Het zelfportret van Jan Siebelink: ‘Ik maakte een serieuzere tekening, ik was ook best een serieuze jongeman’

In 1977 vroeg literair tijdschrift De Revisor verschillende Nederlandse schrijvers een zelfportret te tekenen. Een van de auteurs die een bijdrage inzond was Jan Siebelink. Thomas Heerma van Voss bekeek zijn zelfportret in het archief van het Literatuurmuseum, en sprak de schrijver over zijn loopbaan. 

 

Nog voor ik mijn jas heb uitgetrokken, typeert Jan Siebelink mijn komst als ‘zeer welkome afleiding’ van zijn dagelijkse gang van zaken. Hij loopt heen en weer door de keuken, zet koffie, vult een schoteltje met koekjes en speelt ondertussen met zijn whippet Sarah, die hem bij elke stap volgt. Al vijftig jaar woont Siebelink in dit fraaie hoekhuis in een rustige wijk in Ede.
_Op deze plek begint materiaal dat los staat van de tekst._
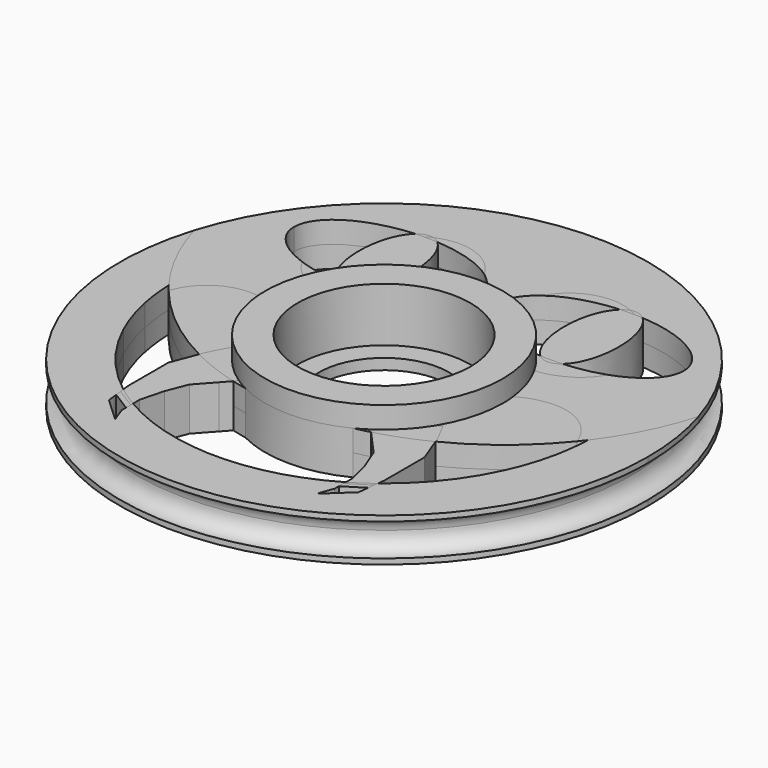
from build123d import *

# Parameters (mm, degrees)
F0_R      = 8
F1_DEPTH  = 2
F4_DEPTH  = 2
F5_DEPTH  = 2.5
F7_DEPTH  = 4
F8_DEPTH  = 25.4
F11_DEPTH = 4
F12_R     = 24.375
F12_R_2   = 8
F13_DEPTH = 4
F14_R     = 10.975
F15_DEPTH = 4
F16_DEPTH = 2
F17_R     = 7.975
F17_R_2   = 6
F18_DEPTH = 5
F19_DEPTH = 25
F9_R      = 1.5


with BuildPart() as f1:
    # F0 (on Top) → F1 (new body, symmetric)
    with BuildSketch(Plane.XY):
        with BuildLine():
            ThreePointArc((-23.2895913125, 7.1927436695), (-3.6370892728, -24.102120376), (24.375, 0))
            ThreePointArc((24.375, 0), (24.102120376, 3.6370892728), (23.2895913125, 7.1927436695))
            ThreePointArc((23.2895913125, 7.1927436695), (21.6842014138, 3.0935340882), (19.3641645477, -0.6478860777))
            ThreePointArc((19.3641645477, -0.6478860777), (19.2439090647, -2.2500197579), (18.9913269381, -3.8366816562))
            ThreePointArc((18.9913269381, -3.8366816562), (18.4267200032, -5.987204266), (17.6194511339, -8.0588812338))
            ThreePointArc((17.6194511339, -8.0588812338), (11.3883392632, -15.674704266), (2.2197416795, -19.2474250713))
            ThreePointArc((2.2197416795, -19.2474250713), (0, -19.375), (-2.2197416795, -19.2474250713))
            ThreePointArc((-2.2197416795, -19.2474250713), (-11.3883392632, -15.674704266), (-17.6194511339, -8.0588812338))
            ThreePointArc((-17.6194511339, -8.0588812338), (-18.4267200032, -5.987204266), (-18.9913269381, -3.8366816562))
            ThreePointArc((-18.9913269381, -3.8366816562), (-19.2439090647, -2.2500197579), (-19.3641645477, -0.6478860777))
            ThreePointArc((-19.3641645477, -0.6478860777), (-21.6842014138, 3.0935340882), (-23.2895913125, 7.1927436695))
        make_face()
        with BuildLine():
            ThreePointArc((19.3641645477, -0.6478860777), (21.6842014138, 3.0935340882), (23.2895913125, 7.1927436695))
            ThreePointArc((23.2895913125, 7.1927436695), (0, 24.375), (-23.2895913125, 7.1927436695))
            ThreePointArc((-23.2895913125, 7.1927436695), (-21.6842014138, 3.0935340882), (-19.3641645477, -0.6478860777))
            ThreePointArc((-19.3641645477, -0.6478860777), (-17.8673140003, 7.4933113784), (-13.1091613434, 14.2667625575))
            ThreePointArc((-13.1091613434, 14.2667625575), (-11.3883392632, 15.674704266), (-9.5175438596, 16.8762254038))
            ThreePointArc((-9.5175438596, 16.8762254038), (-4.878169917, 17.0192357628), (-2.1202405355, 13.2858635514))
            Line((-2.1202405355, 13.2858635514), (-2.0588370267, 12.8891487435))
            ThreePointArc((-2.0588370267, 12.8891487435), (-2.49086712, 9.9638648127), (-4.5, 7.7942286341))
            ThreePointArc((-4.5, 7.7942286341), (-5.2900672706, 7.2811529494), (-6.0221754572, 6.6883034293))
            ThreePointArc((-6.0221754572, 6.6883034293), (-8.5595086467, 2.7811529494), (-8.8033284066, -1.8712052174))
            ThreePointArc((-8.8033284066, -1.8712052174), (-8.5595086467, -2.7811529494), (-8.2219091188, -3.6606297877))
            ThreePointArc((-8.2219091188, -3.6606297877), (-5.2900672706, -7.2811529494), (-0.9407561694, -8.9506970583))
            ThreePointArc((-0.9407561694, -8.9506970583), (0, -9), (0.9407561694, -8.9506970583))
            ThreePointArc((0.9407561694, -8.9506970583), (5.2900672706, -7.2811529494), (8.2219091188, -3.6606297877))
            ThreePointArc((8.2219091188, -3.6606297877), (8.5595086467, -2.7811529494), (8.8033284066, -1.8712052174))
            ThreePointArc((8.8033284066, -1.8712052174), (8.5595086467, 2.7811529494), (6.0221754572, 6.6883034293))
            ThreePointArc((6.0221754572, 6.6883034293), (5.2900672706, 7.2811529494), (4.5, 7.7942286341))
            ThreePointArc((4.5, 7.7942286341), (2.49086712, 9.9638648127), (2.0588370267, 12.8891487435))
            Line((2.0588370267, 12.8891487435), (2.1202405355, 13.2858635514))
            ThreePointArc((2.1202405355, 13.2858635514), (4.878169917, 17.0192357628), (9.5175438596, 16.8762254038))
            ThreePointArc((9.5175438596, 16.8762254038), (11.3883392632, 15.674704266), (13.1091613434, 14.2667625575))
            ThreePointArc((13.1091613434, 14.2667625575), (17.8673140003, 7.4933113784), (19.3641645477, -0.6478860777))
        make_face()
        Circle(F0_R, mode=Mode.SUBTRACT)
        with BuildLine():
            ThreePointArc((18.8479292115, -1.3086045182), (19.1089027571, -0.9804766643), (19.3641645477, -0.6478860777))
            ThreePointArc((19.3641645477, -0.6478860777), (17.8673140003, 7.4933113784), (13.1091613434, 14.2667625575))
            ThreePointArc((13.1091613434, 14.2667625575), (14.6788176688, 9.8986483691), (11.9804167475, 6.1220261997))
            Line((11.9804167475, 6.1220261997), (11.6220932721, 5.941036375))
            ThreePointArc((11.6220932721, 5.941036375), (8.7064782868, 5.4479589625), (6.0221754572, 6.6883034293))
            ThreePointArc((6.0221754572, 6.6883034293), (8.5595086467, 2.7811529494), (8.8033284066, -1.8712052174))
            ThreePointArc((8.8033284066, -1.8712052174), (10.2459188284, 0.710048151), (12.8945245319, 2.0248956345))
            Line((12.8945245319, 2.0248956345), (13.2907974628, 2.0890890449))
            ThreePointArc((13.2907974628, 2.0890890449), (16.6985219199, 1.4192688869), (18.8479292115, -1.3086045182))
        make_face()
        with BuildLine():
            ThreePointArc((-13.1091613434, 14.2667625575), (-17.8673140003, 7.4933113784), (-19.3641645477, -0.6478860777))
            ThreePointArc((-19.3641645477, -0.6478860777), (-19.1089027571, -0.9804766643), (-18.8479292115, -1.3086045182))
            ThreePointArc((-18.8479292115, -1.3086045182), (-16.6985219199, 1.4192688869), (-13.2907974628, 2.0890890449))
            Line((-13.2907974628, 2.0890890449), (-12.8945245319, 2.0248956345))
            ThreePointArc((-12.8945245319, 2.0248956345), (-10.2459188284, 0.710048151), (-8.8033284066, -1.8712052174))
            ThreePointArc((-8.8033284066, -1.8712052174), (-8.5595086467, 2.7811529494), (-6.0221754572, 6.6883034293))
            ThreePointArc((-6.0221754572, 6.6883034293), (-8.7064782868, 5.4479589625), (-11.6220932721, 5.941036375))
            Line((-11.6220932721, 5.941036375), (-11.9804167475, 6.1220261997))
            ThreePointArc((-11.9804167475, 6.1220261997), (-14.6788176688, 9.8986483691), (-13.1091613434, 14.2667625575))
        make_face()
        with BuildLine():
            ThreePointArc((8.7647729915, -8.6608723715), (14.2873822439, -5.6444413083), (18.8479292115, -1.3086045182))
            ThreePointArc((18.8479292115, -1.3086045182), (16.6985219199, 1.4192688869), (13.2907974628, 2.0890890449))
            Line((13.2907974628, 2.0890890449), (12.8945245319, 2.0248956345))
            ThreePointArc((12.8945245319, 2.0248956345), (10.2459188284, 0.710048151), (8.8033284066, -1.8712052174))
            ThreePointArc((8.8033284066, -1.8712052174), (8.5595086467, -2.7811529494), (8.2219091188, -3.6606297877))
            ThreePointArc((8.2219091188, -3.6606297877), (7.8188457028, -6.2339793586), (8.7647729915, -8.6608723715))
        make_face()
        with BuildLine():
            ThreePointArc((-13.2907974628, 2.0890890449), (-16.6985219199, 1.4192688869), (-18.8479292115, -1.3086045182))
            ThreePointArc((-18.8479292115, -1.3086045182), (-14.2873822439, -5.6444413083), (-8.7647729915, -8.6608723715))
            ThreePointArc((-8.7647729915, -8.6608723715), (-7.8188457028, -6.2339793586), (-8.2219091188, -3.6606297877))
            ThreePointArc((-8.2219091188, -3.6606297877), (-8.5595086467, -2.7811529494), (-8.8033284066, -1.8712052174))
            ThreePointArc((-8.8033284066, -1.8712052174), (-10.2459188284, 0.710048151), (-12.8945245319, 2.0248956345))
            Line((-12.8945245319, 2.0248956345), (-13.2907974628, 2.0890890449))
        make_face()
        with BuildLine():
            ThreePointArc((4.4231441975, -9.8934299463), (6.6226950322, -9.3783739723), (8.7647729915, -8.6608723715))
            ThreePointArc((8.7647729915, -8.6608723715), (7.8188457028, -6.2339793586), (8.2219091188, -3.6606297877))
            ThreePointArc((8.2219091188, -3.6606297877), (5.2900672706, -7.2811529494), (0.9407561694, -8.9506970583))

Als dertiger – in de tijd van zijn zelfportret – liep hij geregeld langs deze woning, ‘en ik wist meteen: dáár wil ik ooit wonen. Toen zag ik op een dag een te koop-bordje en heb ik toegeslagen.’ Vrijwel al zijn boeken schreef hij hier. Zijn kinderen groeiden in dit huis op. Zijn vrouw Gerda overleed er afgelopen juni. Ze waren 59 jaar samen.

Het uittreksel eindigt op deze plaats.